The Angel of Crooked Street is a 1922 American silent crime drama film directed by David Smith and starring Alice Calhoun, Ralph McCullough and William McCall. Lobby cards for the film are extant.

==Plot==
Jennie Marsh, a young woman working as a maid is unjustly accused of theft when the man she brings home from dance proceeds to rob the house of her employer. She is sent to a reformatory and on release is embittered against the world and decides to take revenge on her former employer Mrs. Sandford.

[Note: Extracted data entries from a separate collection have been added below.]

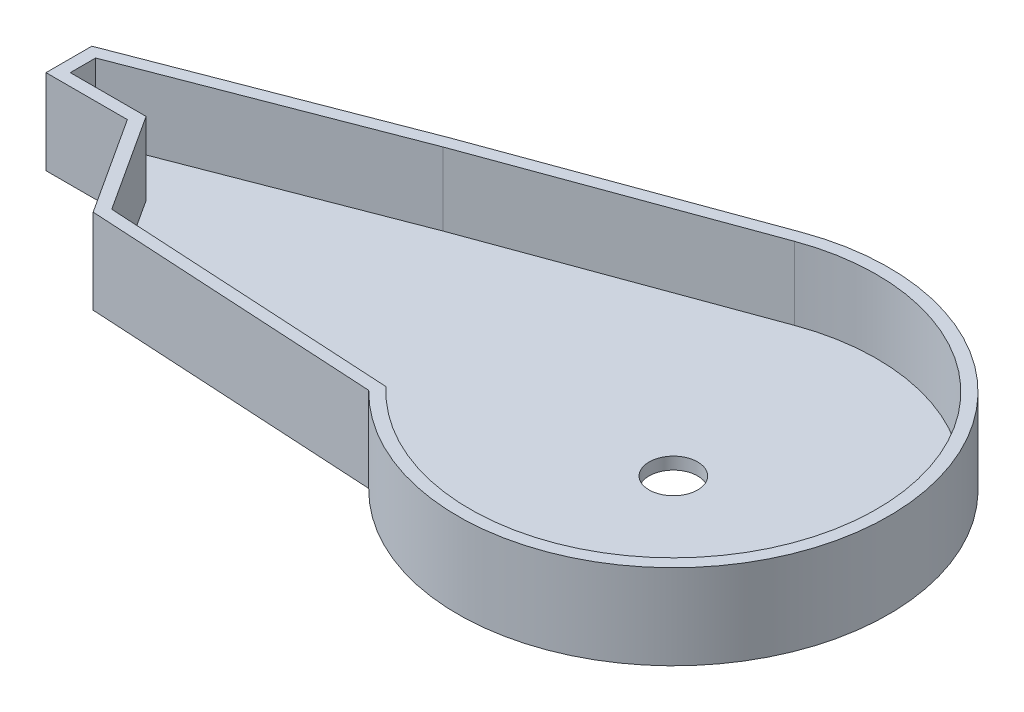
from build123d import *

# Parameters (mm, degrees)
SKETCH1_R           = 5.08
BOSS_EXTRUDE1_DEPTH = 17.78
CUT_EXTRUDE1_DEPTH  = 15.24


with BuildPart() as part:
    # Sketch1 → Boss-Extrude1 (new body)
    with BuildSketch(Plane(origin=(0, 0, 0), x_dir=(1, 0, 0), z_dir=(0, 1, 0))):
        with BuildLine():
            Line((-32.154011799, -31.603429406), (-93.281689982, -28.139023899))
            Line((-93.281689982, -28.139023899), (-106.470617871, -7.793457389))
            Line((-106.470617871, -7.793457389), (-123.496324783, -7.793457389))
            Line((-123.496324783, -7.793457389), (-123.496324783, 1.798490167))
            Line((-123.496324783, 1.798490167), (-69.358514677, 22.660976101))
            Line((-69.358514677, 22.660976101), (-15.470629933, 42.347571766))
            ThreePointArc((-15.470629933, 42.347571766), (43.979702916, -9.921842389), (-32.154011799, -31.603429406))
        make_face()
        Circle(SKETCH1_R, mode=Mode.SUBTRACT)
    extrude(amount=BOSS_EXTRUDE1_DEPTH)

    # Sketch2 → Cut-Extrude1 (cut)
    with BuildSketch(Plane(origin=(0, 17.78, 0), x_dir=(1, 0, 0), z_dir=(0, 1, 0))):
        with BuildLine():
            Line((-14.599045148, 39.961793075), (-68.465982608, 20.282849978))
            Line((-68.465982608, 20.282849978), (-120.956324783, 0.055230443))
            Line((-120.956324783, 0.055230443), (-120.956324783, -5.253457389))
            Line((-120.956324783, -5.253457389), (-105.090165624, -5.253457389))
            Line((-105.090165624, -5.253457389), (-91.851329605, -25.676013414))
            Line((-91.851329605, -25.676013414), (-31.014061001, -29.123959985))
            ThreePointArc((-31.014061001, -29.123959985), (41.392622315, -9.835031413), (-14.599045148, 39.961793075))
        make_face()
    extrude(amount=-CUT_EXTRUDE1_DEPTH, mode=Mode.SUBTRACT)


solid = part.part

She plans to frame her son Schuyler for a robbery he didn't commit.

==Cast==
- Alice Calhoun as 	Jennie Marsh
- Ralph McCullough as 	Schuyler Sanford
- Scott McKee as 	'Silent' McKay
- Rex Hammel as 'Kid Glove' Thurston
- William McCall as 	'Cap' Berry
- Nellie Anderson as 'Mother' De Vere
- Martha Mattox as Mrs. Phineas Sandford
- Mary Young as 	Mrs. Marsh
- George Stanley as Stoneham
- Walter Cooper as Dan Bolton

== Preservation ==
With no holdings located in archives, The Angel of Crooked Street is considered a lost film.

==Bibliography==
- Connelly, Robert B. The Silents: Silent Feature Films, 1910-36, Volume 40, Issue 2. December Press, 1998.
- Munden, Kenneth White. The American Film Institute Catalog of Motion Pictures Produced in the United States, Part 1. University of California Press, 1997.